This project is an implementation of **neuro-symbolic AI** for machine fault diagnosis, combining symbolic domain knowledge (engineering rules, hypotheses) with the powerful pattern recognition and language capabilities of local large language models (LLMs) through [Ollama](https://ollama.com/).
It applies **abductive reasoning**—a form of logical inference that seeks the best explanation for observed evidence—enabling transparent, step-wise diagnostic reasoning for sensor-rich environments such as industrial machinery and IoT deployments.

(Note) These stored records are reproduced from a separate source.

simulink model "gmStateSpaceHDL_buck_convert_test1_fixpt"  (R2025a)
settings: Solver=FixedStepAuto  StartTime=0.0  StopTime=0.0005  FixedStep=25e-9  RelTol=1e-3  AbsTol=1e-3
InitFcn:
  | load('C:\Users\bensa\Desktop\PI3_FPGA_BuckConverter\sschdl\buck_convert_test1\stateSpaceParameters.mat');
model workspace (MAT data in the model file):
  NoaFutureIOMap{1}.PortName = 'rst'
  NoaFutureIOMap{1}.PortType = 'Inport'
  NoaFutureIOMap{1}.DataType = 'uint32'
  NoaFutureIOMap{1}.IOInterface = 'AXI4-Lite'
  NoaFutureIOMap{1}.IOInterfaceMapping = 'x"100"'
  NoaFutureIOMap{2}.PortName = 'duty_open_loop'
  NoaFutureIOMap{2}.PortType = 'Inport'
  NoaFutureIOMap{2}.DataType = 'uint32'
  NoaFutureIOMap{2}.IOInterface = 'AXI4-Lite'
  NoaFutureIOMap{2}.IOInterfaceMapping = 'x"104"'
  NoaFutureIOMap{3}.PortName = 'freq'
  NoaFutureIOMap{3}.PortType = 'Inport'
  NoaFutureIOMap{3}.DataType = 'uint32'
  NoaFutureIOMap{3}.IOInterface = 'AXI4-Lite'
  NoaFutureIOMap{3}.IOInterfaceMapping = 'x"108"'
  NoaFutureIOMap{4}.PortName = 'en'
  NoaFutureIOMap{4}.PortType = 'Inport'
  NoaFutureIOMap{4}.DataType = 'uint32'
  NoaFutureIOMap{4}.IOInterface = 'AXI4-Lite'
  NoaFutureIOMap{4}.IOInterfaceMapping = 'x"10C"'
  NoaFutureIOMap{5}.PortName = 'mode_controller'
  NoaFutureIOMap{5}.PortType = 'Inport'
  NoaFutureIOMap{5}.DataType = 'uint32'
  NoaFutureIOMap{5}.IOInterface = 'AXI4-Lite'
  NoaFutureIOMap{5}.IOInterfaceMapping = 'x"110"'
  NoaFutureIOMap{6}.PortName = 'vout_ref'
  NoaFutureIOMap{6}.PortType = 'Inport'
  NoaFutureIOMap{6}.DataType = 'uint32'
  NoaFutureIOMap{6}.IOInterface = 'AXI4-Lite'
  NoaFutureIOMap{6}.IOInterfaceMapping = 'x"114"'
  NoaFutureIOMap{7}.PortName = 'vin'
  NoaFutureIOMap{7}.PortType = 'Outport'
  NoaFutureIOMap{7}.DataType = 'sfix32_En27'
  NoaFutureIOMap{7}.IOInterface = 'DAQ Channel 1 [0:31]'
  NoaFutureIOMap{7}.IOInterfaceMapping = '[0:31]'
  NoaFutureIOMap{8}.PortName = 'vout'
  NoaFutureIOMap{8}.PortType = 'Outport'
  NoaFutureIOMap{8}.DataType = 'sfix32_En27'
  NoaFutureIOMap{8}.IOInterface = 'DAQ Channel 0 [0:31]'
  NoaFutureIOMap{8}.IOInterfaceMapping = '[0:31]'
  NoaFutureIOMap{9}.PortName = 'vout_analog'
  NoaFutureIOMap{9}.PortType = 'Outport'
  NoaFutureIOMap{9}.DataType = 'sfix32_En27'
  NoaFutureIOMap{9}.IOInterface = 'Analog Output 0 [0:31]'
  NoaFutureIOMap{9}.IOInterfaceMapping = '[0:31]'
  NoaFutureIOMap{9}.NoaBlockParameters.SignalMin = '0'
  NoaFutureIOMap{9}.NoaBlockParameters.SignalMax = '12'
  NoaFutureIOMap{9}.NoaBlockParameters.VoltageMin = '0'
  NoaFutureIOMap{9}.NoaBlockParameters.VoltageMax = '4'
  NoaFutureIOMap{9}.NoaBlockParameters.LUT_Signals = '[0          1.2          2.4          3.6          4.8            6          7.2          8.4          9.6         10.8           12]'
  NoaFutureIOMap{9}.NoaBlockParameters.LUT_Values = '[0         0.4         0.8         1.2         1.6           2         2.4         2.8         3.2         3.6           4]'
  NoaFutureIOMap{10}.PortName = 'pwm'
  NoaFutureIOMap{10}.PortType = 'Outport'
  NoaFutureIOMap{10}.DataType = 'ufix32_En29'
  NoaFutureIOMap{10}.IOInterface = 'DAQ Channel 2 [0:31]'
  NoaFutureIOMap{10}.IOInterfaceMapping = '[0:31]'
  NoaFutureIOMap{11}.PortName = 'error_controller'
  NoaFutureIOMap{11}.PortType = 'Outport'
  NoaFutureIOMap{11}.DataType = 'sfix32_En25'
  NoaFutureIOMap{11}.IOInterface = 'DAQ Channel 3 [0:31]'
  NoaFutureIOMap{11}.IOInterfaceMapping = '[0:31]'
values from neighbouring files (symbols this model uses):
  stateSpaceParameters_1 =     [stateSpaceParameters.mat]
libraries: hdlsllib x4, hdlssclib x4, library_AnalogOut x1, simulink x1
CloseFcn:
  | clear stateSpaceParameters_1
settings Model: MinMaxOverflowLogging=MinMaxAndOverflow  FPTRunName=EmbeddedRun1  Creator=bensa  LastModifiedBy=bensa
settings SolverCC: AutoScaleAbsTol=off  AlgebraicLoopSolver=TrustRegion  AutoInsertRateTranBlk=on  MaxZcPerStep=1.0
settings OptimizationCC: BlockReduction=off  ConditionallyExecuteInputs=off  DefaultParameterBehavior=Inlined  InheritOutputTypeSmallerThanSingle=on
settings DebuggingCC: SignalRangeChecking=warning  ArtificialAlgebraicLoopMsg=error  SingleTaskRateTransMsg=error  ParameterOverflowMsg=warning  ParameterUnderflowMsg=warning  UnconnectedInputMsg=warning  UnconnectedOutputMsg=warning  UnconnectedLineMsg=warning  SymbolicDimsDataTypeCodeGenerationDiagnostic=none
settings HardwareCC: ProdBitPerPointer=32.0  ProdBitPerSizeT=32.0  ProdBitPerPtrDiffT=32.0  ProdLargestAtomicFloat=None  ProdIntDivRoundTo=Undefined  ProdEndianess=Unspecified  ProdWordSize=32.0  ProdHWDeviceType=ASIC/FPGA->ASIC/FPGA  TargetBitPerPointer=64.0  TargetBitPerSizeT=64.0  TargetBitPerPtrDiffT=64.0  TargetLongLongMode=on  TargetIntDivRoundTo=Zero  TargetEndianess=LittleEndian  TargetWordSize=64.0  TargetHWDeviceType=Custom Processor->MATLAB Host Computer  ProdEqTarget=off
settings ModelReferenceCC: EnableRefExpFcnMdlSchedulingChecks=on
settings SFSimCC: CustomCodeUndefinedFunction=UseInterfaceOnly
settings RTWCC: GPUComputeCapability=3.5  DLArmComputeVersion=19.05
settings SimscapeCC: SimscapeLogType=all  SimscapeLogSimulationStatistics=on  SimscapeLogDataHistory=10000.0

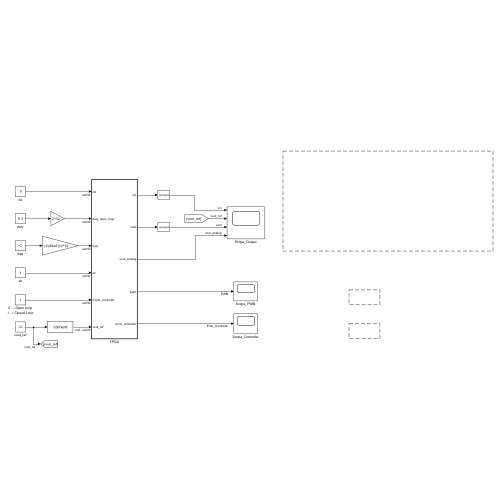
[thumbnail: Simulink's stored preview of the top-level diagram]
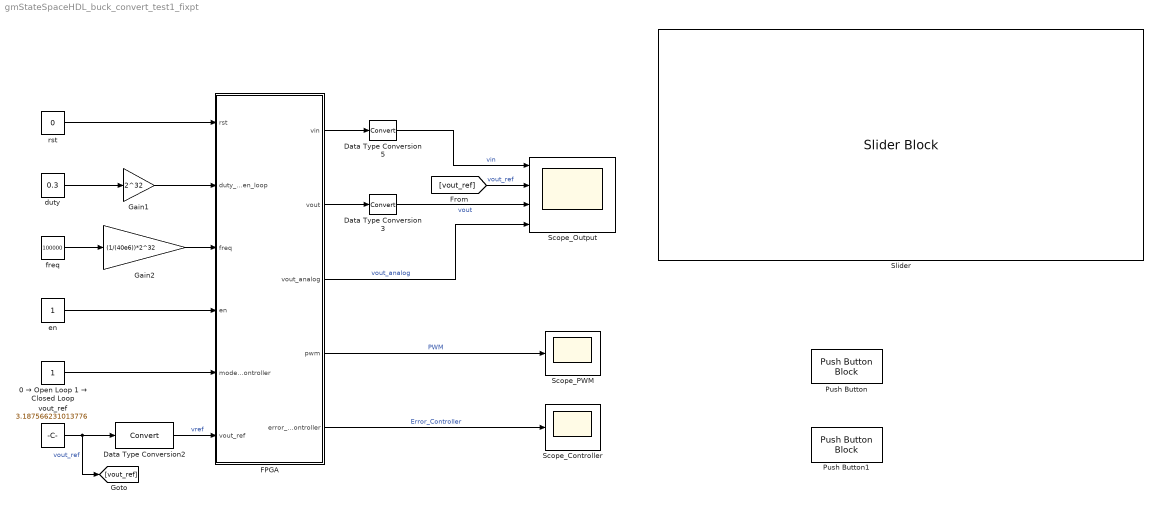
== system gmStateSpaceHDL_buck_convert_test1_fixpt ==
  0 → Open Loop 1 → Closed Loop : Constant  OutDataTypeStr=uint32  SampleTime=25e-9
  Data Type Conversion2 : DataTypeConversion  SaturateOnIntegerOverflow=off  RndMeth=Floor
  Data Type Conversion3 : DataTypeConversion  RndMeth=Nearest  SaturateOnIntegerOverflow=off  LockScale=on
  Data Type Conversion5 : DataTypeConversion  RndMeth=Nearest  SaturateOnIntegerOverflow=off  LockScale=on
  FPGA : Subsystem  TreatAsAtomicUnit=on
  Gain1 : Gain  Gain=2^32  OutDataTypeStr=uint32
  Gain2 : Gain  Gain=(1/(40e6))*2^32  OutDataTypeStr=uint32
  Push Button : PushButtonBlock  IconOnColor=[0.0, 0.39215686274509803, 0.0]  IconOffColor=[0.0, 1.0, 0.0]
  Push Button1 : PushButtonBlock  IconOnColor=[0.0, 0.39215686274509803, 0.0]  IconOffColor=[0.0, 1.0, 0.0]
  Scope_Controller : Scope
      settings: ActiveDisplayYMinimum=-13.875  ActiveDisplayYMaximum=24.875  DataLoggingVariableName=ScopeData3
  Scope_Output : Scope  NumInputPorts=4
      settings: ActiveDisplayYMinimum=-1.4999999999999996  ActiveDisplayYMaximum=13.5
  Scope_PWM : Scope
      settings: ActiveDisplayYMinimum=-0.62499999999999989  ActiveDisplayYMaximum=5.625
  Slider : SliderBlock  LabelPosition=Bottom  ScaleMax=12
  duty : Constant  Value=0.3  OutDataTypeStr=double  SampleTime=25e-9
  en : Constant  OutDataTypeStr=uint32  SampleTime=25e-9
  freq : Constant  Value=100000  SampleTime=25e-9
  rst : Constant  Value=0  OutDataTypeStr=uint32  SampleTime=25e-9
  vout_ref : Constant  Value=3.187566231013776  OutDataTypeStr=double  SampleTime=25e-9
  wires:
  rst/1 -> FPGA/1(rst)
  0 → Open Loop 1 → Closed Loop/1 -> FPGA/5(mode_controller)
  duty/1 -> Gain1/1
  en/1 -> FPGA/4(en)
  Gain2/1 -> FPGA/3(freq)
  vout_ref/1 -> [vout_ref], Data Type Conversion2/1  "vout_ref"
  Gain1/1 -> FPGA/2(duty_open_loop)
  Data Type Conversion2/1 -> FPGA/6(vout_ref)  "vref"
  FPGA/1(vin) -> Data Type Conversion5/1
  FPGA/2(vout) -> Data Type Conversion3/1
  Data Type Conversion5/1 -> Scope_Output/1  "vin"
  [vout_ref] -> Scope_Output/2  "vout_ref"
  Data Type Conversion3/1 -> Scope_Output/3  "vout"
  FPGA/3(vout_analog) -> Scope_Output/4  "vout_analog"
  FPGA/5(error_controller) -> Scope_Controller/1  "Error_Controller"
  FPGA/4(pwm) -> Scope_PWM/1  "PWM"
  freq/1 -> Gain2/1

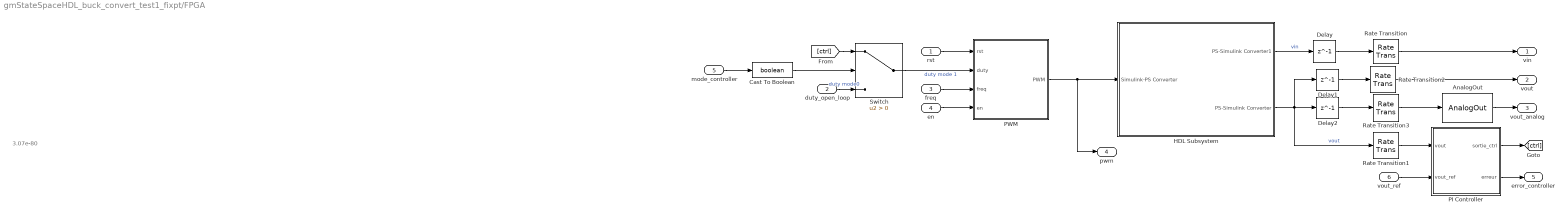
== system gmStateSpaceHDL_buck_convert_test1_fixpt/FPGA ==
  note: 3.07e-80
  rst : Inport  OutDataTypeStr=uint32
  duty_open_loop : Inport  Port=2  OutDataTypeStr=uint32
  freq : Inport  Port=3  OutDataTypeStr=uint32
  en : Inport  Port=4  OutDataTypeStr=uint32
  mode_controller : Inport  Port=5  OutDataTypeStr=uint32
  vout_ref : Inport  Port=6  OutDataTypeStr=uint32
  AnalogOut : library_AnalogOut/AnalogOut  SignalMin=0  SignalMax=12  VoltageMin=0  VoltageMax=4
  Cast To Boolean : DataTypeConversion  OutDataTypeStr=boolean  SaturateOnIntegerOverflow=off  RndMeth=Floor
  Delay : Delay  DelayLength=1
  Delay1 : Delay  DelayLength=1
  Delay2 : Delay  DelayLength=1
  HDL Subsystem : Subsystem  DataTypeOverride=Off  MinMaxOverflowLogging=MinMaxAndOverflow
  PI Controller : Subsystem
  PWM : Subsystem
  Rate Transition : RateTransition  OutPortSampleTime=25e-9
  Rate Transition1 : RateTransition
  Rate Transition2 : RateTransition  OutPortSampleTime=25e-9
  Rate Transition3 : RateTransition  OutPortSampleTime=25e-9
  Switch : Switch  Criteria=u2 > Threshold  SaturateOnIntegerOverflow=off  InputSameDT=off
  vin : Outport
  vout : Outport  Port=2
  vout_analog : Outport  Port=3
  pwm : Outport  Port=4
  error_controller : Outport  Port=5
  wires:
  en/1 -> PWM/4(en)
  mode_controller/1 -> Cast To Boolean/1
  rst/1 -> PWM/1(rst)
  freq/1 -> PWM/3(freq)
  Cast To Boolean/1 -> Switch/2
  Switch/1 -> PWM/2(duty)  "duty mode 1"
  PWM/1(PWM) -> pwm/1, HDL Subsystem/1(Simulink-PS Converter)
  HDL Subsystem/1(PS-Simulink Converter1) -> Delay/1  "vin"
  HDL Subsystem/2(PS-Simulink Converter) -> Rate Transition1/1, Delay2/1, Delay1/1  "vout"
  Delay1/1 -> Rate Transition2/1
  Delay/1 -> Rate Transition/1
  Rate Transition2/1 -> vout/1
  Rate Transition/1 -> vin/1
  AnalogOut/1 -> vout_analog/1
  duty_open_loop/1 -> Switch/3  "duty mode0"
  vout_ref/1 -> PI Controller/2(vout_ref)
  PI Controller/2(erreur) -> error_controller/1
  Rate Transition1/1 -> PI Controller/1(vout)
  Delay2/1 -> Rate Transition3/1
  Rate Transition3/1 -> AnalogOut/1
  PI Controller/1(sortie_ctrl) -> [ctrl]
  [ctrl] -> Switch/1

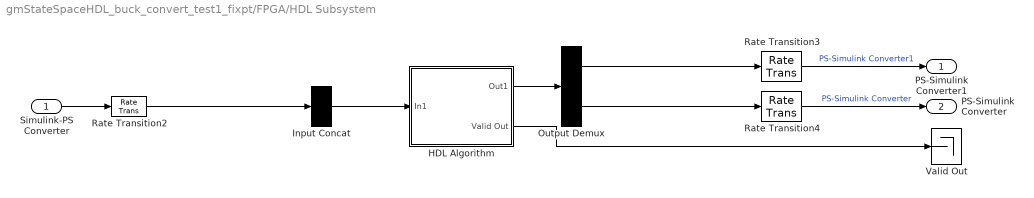
== system gmStateSpaceHDL_buck_convert_test1_fixpt/FPGA/HDL Subsystem ==
  Simulink-PS Converter : Inport  OutDataTypeStr=fixdt(0,32,29)
  HDL Algorithm : Subsystem
  Input Concat : Concatenate  NumInputs=1
  Output Demux : Demux  Outputs=2
  Rate Transition2 : RateTransition  Integrity=off  OutPortSampleTimeOpt=Multiple of input port sample time  OutPortSampleTimeMultiple=1/2
  Rate Transition3 : RateTransition  OutPortSampleTimeOpt=Multiple of input port sample time  OutPortSampleTimeMultiple=2
  Rate Transition4 : RateTransition  OutPortSampleTimeOpt=Multiple of input port sample time  OutPortSampleTimeMultiple=2
  Valid Out : Terminator
  PS-Simulink Converter1 : Outport
  PS-Simulink Converter : Outport  Port=2
  wires:
  Output Demux/2 -> Rate Transition4/1
  Rate Transition3/1 -> PS-Simulink Converter1/1  "PS-Simulink Converter1"
  HDL Algorithm/2(Valid Out) -> Valid Out/1
  Input Concat/1 -> HDL Algorithm/1(In1)
  Output Demux/1 -> Rate Transition3/1
  Simulink-PS Converter/1 -> Rate Transition2/1
  HDL Algorithm/1(Out1) -> Output Demux/1
  Rate Transition4/1 -> PS-Simulink Converter/1  "PS-Simulink Converter"
  Rate Transition2/1 -> Input Concat/1

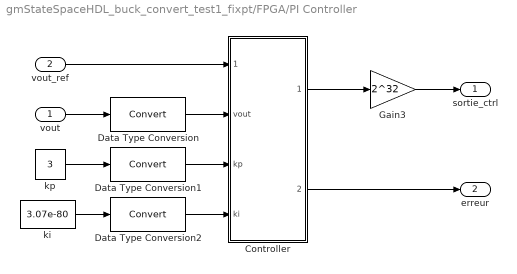
== system gmStateSpaceHDL_buck_convert_test1_fixpt/FPGA/PI Controller ==
  vout : Inport
  vout_ref : Inport  Port=2  OutDataTypeStr=uint32
  Controller : Subsystem
  Data Type Conversion : DataTypeConversion  SaturateOnIntegerOverflow=off  RndMeth=Floor
  Data Type Conversion1 : DataTypeConversion  SaturateOnIntegerOverflow=off  RndMeth=Floor
  Data Type Conversion2 : DataTypeConversion  SaturateOnIntegerOverflow=off  RndMeth=Floor
  Gain3 : Gain  Gain=2^32  OutDataTypeStr=uint32
  ki : Constant  Value=3.07e-80  OutDataTypeStr=double  SampleTime=25e-9
  kp : Constant  Value=3  OutDataTypeStr=double  SampleTime=25e-9
  sortie_ctrl : Outport
  erreur : Outport  Port=2
  wires:
  vout/1 -> Data Type Conversion/1
  Controller/1(sortie_ctrl) -> Gain3/1
  Data Type Conversion1/1 -> Controller/3(kp)
  kp/1 -> Data Type Conversion1/1
  ki/1 -> Data Type Conversion2/1
  vout_ref/1 -> Controller/1(vout_ref)
  Data Type Conversion/1 -> Controller/2(vout)
  Data Type Conversion2/1 -> Controller/4(ki)
  Gain3/1 -> sortie_ctrl/1
  Controller/2(error_ctrl) -> erreur/1

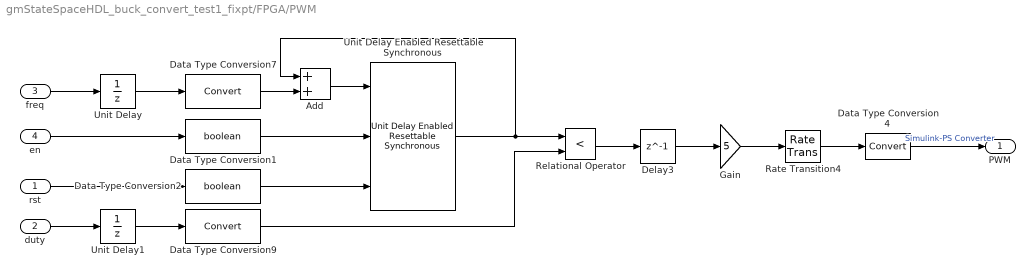
== system gmStateSpaceHDL_buck_convert_test1_fixpt/FPGA/PWM ==
  rst : Inport  OutDataTypeStr=uint32
  duty : Inport  Port=2  OutDataTypeStr=uint32
  freq : Inport  Port=3  OutDataTypeStr=uint32
  en : Inport  Port=4  OutDataTypeStr=uint32
  Add : Sum  OutDataTypeStr=uint32  AccumDataTypeStr=uint32
  Data Type Conversion1 : DataTypeConversion  OutDataTypeStr=boolean  SaturateOnIntegerOverflow=off  RndMeth=Floor
  Data Type Conversion2 : DataTypeConversion  OutDataTypeStr=boolean  SaturateOnIntegerOverflow=off  RndMeth=Floor
  Data Type Conversion4 : DataTypeConversion  RndMeth=Nearest  SaturateOnIntegerOverflow=off
  Data Type Conversion7 : DataTypeConversion  SaturateOnIntegerOverflow=off  RndMeth=Floor
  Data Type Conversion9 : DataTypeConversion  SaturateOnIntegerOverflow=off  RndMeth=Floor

**Why Neuro-Symbolic and Abductive Reasoning?**
Traditional LLMs excel at pattern matching but struggle with explicit causal inference, logical explanation, and traceable diagnosis. By blending LLM “neural” capabilities with **symbolic hypothesis generation and evaluation**, this tool can:

* Generate hypotheses grounded in engineering knowledge,
* Use LLMs to explain and prioritize these hypotheses,
* Deliver transparent, auditable reasoning trails for every diagnosis.

---

## Key Features

* **Neuro-symbolic abduction:** Marries symbolic hypothesis spaces with LLM-powered neural reasoning, for robust “explainable AI” in fault analysis.
* **Local and private:** All reasoning runs on your own machine, leveraging Ollama’s local LLM serving—no cloud or data sharing required.
* **Supports Ollama ‘thinking’ LLMs:** Out-of-the-box compatibility with Qwen3, DeepSeek R1, and future models supporting the `think` API.
* **Step-wise inference:** For every sensor event, the system generates plausible faults, technical explanations, and Bayesian-style prior probabilities—all with detailed LLM “thinking.”
* **Full audit trail:** Logs every LLM response, explanation, and key metrics (duration, token rates, etc.) to CSV for further study and benchmarking.
* **Ready for real-world prompts:** Comes with a suite of 17 realistic, diverse event prompts for immediate demonstration and testing.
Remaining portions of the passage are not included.